*** Block opens ***
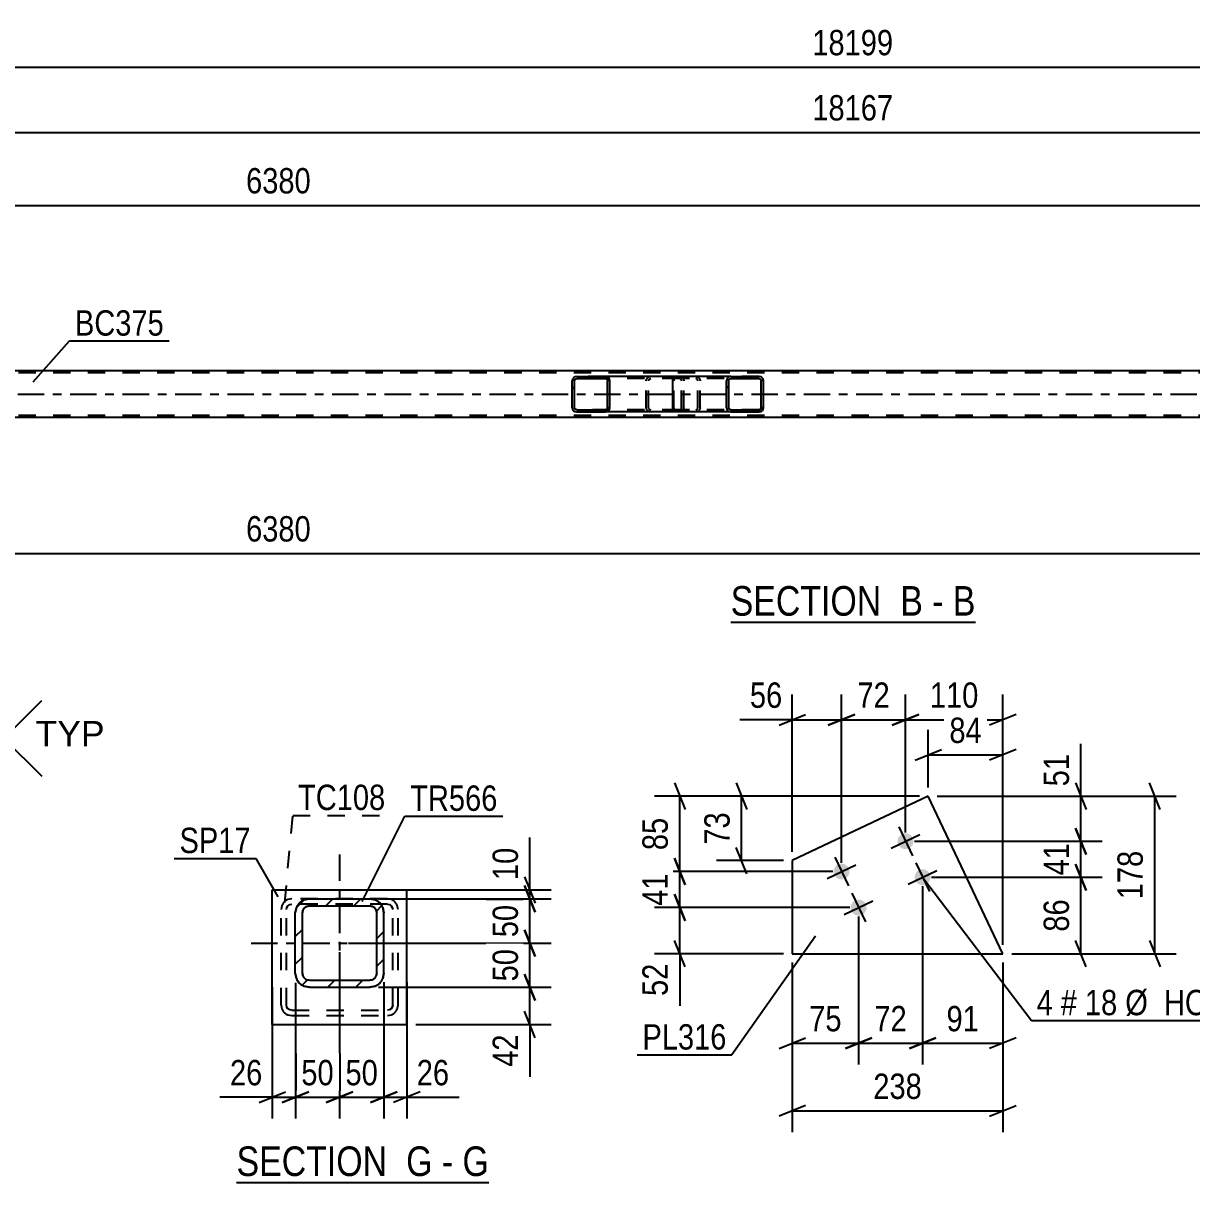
# Model space of a CAD drawing. Header units: millimetres. Extents: x 0 to 841, y 0 to 594.
# Drawn here: x 344.6 to 476.6, y 143 to 274 of the extents above; entities that cross this region are included whole.
import ezdxf

# ---------------------------------------------------------------- set-up
doc = ezdxf.new("R2010")
doc.units = ezdxf.units.MM
doc.linetypes.add('DXK_LINE_DOT2', pattern=[3.9198, 1.9599, -1.9599])
doc.linetypes.add('DXK_LINE_DOT3', pattern=[5.9187, 2.979, -0.9799, 0.9799, -0.9799])
doc.styles.add('Arial', font='ARIAL.TTF', dxfattribs={"height": 0.2})
doc.styles.add('Arial Narrow', font='ARIALN.TTF', dxfattribs={"height": 0.2})

# ---------------------------------------------------------------- blocks, each defined once
blk = doc.blocks.new('Unknown-318887959-12 - 3092')
at = {"color": 6, "linetype": 'Continuous'}
blk.add_line((424.52, 206.34), (452.17, 206.34), dxfattribs=at)
at = {"color": 0, "linetype": 'Continuous'}
for points in [[(442.63, 207.09), (442.63, 210.59), (424.52, 210.59), (424.52, 207.09)], [(446.23, 207.09), (446.23, 210.59), (443.68, 210.59), (443.68, 207.09)], [(448.56, 207.09), (448.56, 210.59), (447.28, 210.59), (447.28, 207.09)], [(452.17, 207.09), (452.17, 210.59), (449.61, 210.59), (449.61, 207.09)]]:
    blk.add_wipeout(points, dxfattribs=at)
at = {"color": 7, "linetype": 'Continuous', "style": 'Arial Narrow'}
for s, p in [('SECTION ', (424.52, 207.09)), ('B', (443.68, 207.09)), ('B', (449.61, 207.09)), ('-', (447.28, 207.09))]:
    blk.add_text(s, height=3.34, dxfattribs=at).set_placement(p)
blk = doc.blocks.new('Unknown-318887959-19 - 7781')
at = {"color": 6, "linetype": 'Continuous'}
blk.add_line((368.7, 143.03), (397.2, 143.03), dxfattribs=at)
at = {"color": 0, "linetype": 'Continuous'}
for points in [[(386.81, 143.78), (386.81, 147.28), (368.7, 147.28), (368.7, 143.78)], [(390.84, 143.78), (390.84, 147.28), (387.86, 147.28), (387.86, 143.78)], [(393.17, 143.78), (393.17, 147.28), (391.89, 147.28), (391.89, 143.78)], [(397.2, 143.78), (397.2, 147.28), (394.22, 147.28), (394.22, 143.78)]]:
    blk.add_wipeout(points, dxfattribs=at)
at = {"color": 7, "linetype": 'Continuous', "style": 'Arial Narrow'}
for s, p in [('SECTION ', (368.7, 143.78)), ('G', (387.86, 143.78)), ('G', (394.22, 143.78)), ('-', (391.89, 143.78))]:
    blk.add_text(s, height=3.34, dxfattribs=at).set_placement(p)
blk = doc.blocks.new('Part-318887959-3194 - 3092')
at = {"linetype": 'Continuous'}
h = blk.add_hatch(dxfattribs=at)
h.set_pattern_fill('', scale=0.7, style=0, pattern_type=0)
h.set_pattern_definition([(45, (410.8406, 233.815), (-1.57154, 1.57154), [])])
h.paths.add_polyline_path([(410.88, 233.63), (410.84, 233.82), (410.73, 233.97), (410.56, 234.07), (410.37, 234.11), (407.13, 234.11), (406.94, 234.07), (406.77, 233.97), (406.66, 233.82), (406.62, 233.63), (406.62, 230.59), (406.66, 230.41), (406.77, 230.25), (406.94, 230.15), (407.13, 230.11), (410.37, 230.11), (410.56, 230.15), (410.73, 230.25), (410.84, 230.41), (410.88, 230.59)])
h.paths.add_polyline_path([(410.6, 230.5), (410.55, 230.42), (410.47, 230.37), (410.37, 230.35), (407.13, 230.35), (407.04, 230.37), (406.95, 230.42), (406.9, 230.5), (406.88, 230.59), (406.88, 233.63), (406.9, 233.72), (406.95, 233.8), (407.04, 233.85), (407.13, 233.87), (410.37, 233.87), (410.47, 233.85), (410.55, 233.8), (410.6, 233.72), (410.62, 233.63), (410.62, 230.59)])
at = {"color": 2, "linetype": 'Continuous'}
for p, q in [((406.66, 233.82), (406.62, 233.63)), ((406.62, 230.59), (406.62, 233.63)), ((406.88, 233.63), (406.9, 233.72)), ((406.88, 230.59), (406.88, 233.63)), ((406.9, 233.72), (406.95, 233.8)), ((407.13, 234.11), (406.94, 234.07)), ((406.95, 233.8), (407.04, 233.85)), ((407.04, 233.85), (407.13, 233.87)), ((407.13, 234.11), (410.37, 234.11)), ((407.13, 233.87), (410.37, 233.87)), ((418.24, 234.11), (410.37, 234.11)), ((410.56, 234.07), (410.37, 234.11)), ((410.37, 233.87), (410.47, 233.85)), ((410.47, 233.85), (410.55, 233.8)), ((410.55, 233.8), (410.6, 233.72)), ((410.6, 233.72), (410.62, 233.63)), ((410.62, 230.59), (410.62, 233.63)), ((410.88, 233.63), (410.84, 233.82)), ((410.88, 230.59), (410.88, 233.63)), ((406.62, 230.59), (406.66, 230.41)), ((406.9, 230.5), (406.88, 230.59)), ((406.95, 230.42), (406.9, 230.5)), ((406.94, 230.15), (407.13, 230.11)), ((407.04, 230.37), (406.95, 230.42)), ((407.13, 230.35), (407.04, 230.37)), ((407.13, 230.35), (410.37, 230.35)), ((407.13, 230.11), (410.37, 230.11)), ((410.47, 230.37), (410.37, 230.35)), ((410.37, 230.11), (410.56, 230.15)), ((418.24, 230.11), (410.37, 230.11)), ((410.55, 230.42), (410.47, 230.37)), ((410.6, 230.5), (410.55, 230.42)), ((410.62, 230.59), (410.6, 230.5)), ((410.84, 230.41), (410.88, 230.59))]:
    blk.add_line(p, q, dxfattribs=at)
at = {"color": 7, "linetype": 'DXK_LINE_DOT2'}
for p, q in [((410.37, 234.11), (407.13, 234.11)), ((418.72, 233.87), (407.13, 233.87)), ((414.97, 233.63), (415.01, 233.82)), ((414.97, 230.59), (414.97, 233.63)), ((415.25, 233.72), (415.23, 233.63)), ((415.23, 230.59), (415.23, 233.63)), ((415.3, 233.8), (415.25, 233.72)), ((415.29, 234.07), (415.48, 234.11)), ((415.3, 233.8), (415.32, 233.82)), ((415.32, 233.82), (415.39, 233.85)), ((415.39, 233.85), (415.48, 233.87)), ((418.72, 234.11), (418.24, 234.11)), ((418.72, 234.11), (418.91, 234.07)), ((418.82, 233.85), (418.72, 233.87)), ((418.9, 233.8), (418.82, 233.85)), ((418.95, 233.72), (418.9, 233.8)), ((418.97, 233.63), (418.95, 233.72)), ((418.97, 230.59), (418.97, 233.63)), ((419.19, 233.82), (419.23, 233.63)), ((419.23, 230.59), (419.23, 233.63)), ((418.72, 230.35), (407.13, 230.35)), ((410.37, 230.11), (407.13, 230.11)), ((415.01, 230.41), (414.97, 230.59)), ((415.23, 230.59), (415.25, 230.5)), ((415.25, 230.5), (415.3, 230.42)), ((415.48, 230.11), (415.29, 230.15)), ((415.3, 230.42), (415.39, 230.37)), ((415.39, 230.37), (415.48, 230.35)), ((418.72, 230.11), (418.24, 230.11)), ((418.72, 230.35), (418.82, 230.37)), ((418.91, 230.15), (418.72, 230.11)), ((418.82, 230.37), (418.9, 230.42)), ((418.9, 230.42), (418.95, 230.5)), ((418.95, 230.5), (418.97, 230.59)), ((419.23, 230.59), (419.19, 230.41))]:
    blk.add_line(p, q, dxfattribs=at)
at = {"color": 2, "linetype": 'Continuous'}
for centre, start, end in [((407.11, 233.61), 110.7583, 155.68), ((410.39, 233.61), 24.3199, 69.2417), ((407.11, 230.61), 204.3199, 249.2417), ((410.39, 230.61), 290.7583, 335.68)]:
    blk.add_arc(centre, 0.496, start, end, dxfattribs=at)
at = {"color": 7, "linetype": 'DXK_LINE_DOT2'}
for centre, start, end in [((415.46, 233.61), 110.7583, 155.68), ((418.74, 233.61), 24.32, 69.2417), ((415.46, 230.61), 204.32, 249.2417), ((418.74, 230.61), 290.7583, 335.68)]:
    blk.add_arc(centre, 0.496, start, end, dxfattribs=at)
blk = doc.blocks.new('Part-318887959-3333 - 3092')
at = {"color": 7, "linetype": 'DXK_LINE_DOT2'}
for p, q in [((769.37, 234.51), (107.25, 234.51)), ((769.37, 229.71), (107.25, 229.71))]:
    blk.add_line(p, q, dxfattribs=at)
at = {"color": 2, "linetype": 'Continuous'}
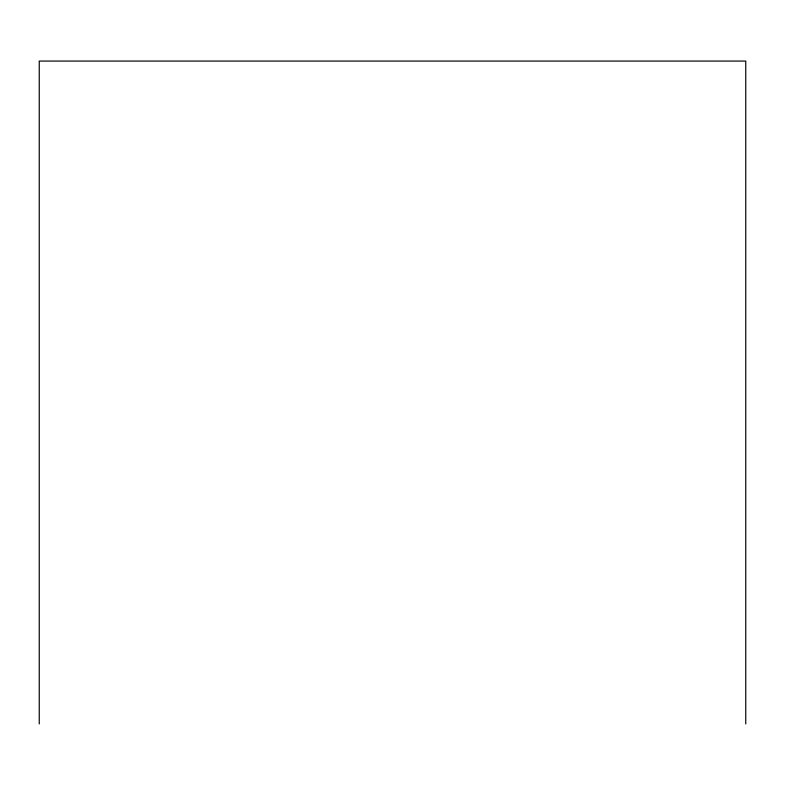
<?xml version="1.0" encoding="UTF-8"?>
<svg xmlns="http://www.w3.org/2000/svg" width="785" height="785" viewBox="0 0 785 785"><rect width="100%" height="100%" fill="white"/><g stroke="black" fill="none" stroke-linecap="round" stroke-linejoin="round"><path stroke-width="1.18" d="M745.75 723.927L745.75 61.073L39.25 61.073L39.25 723.927"/></g></svg>
*** Block closes ***
[YOUR TASK]
Only the count is needed: the number of lines in the data that include the word "Unknown".

[ANSWER]
2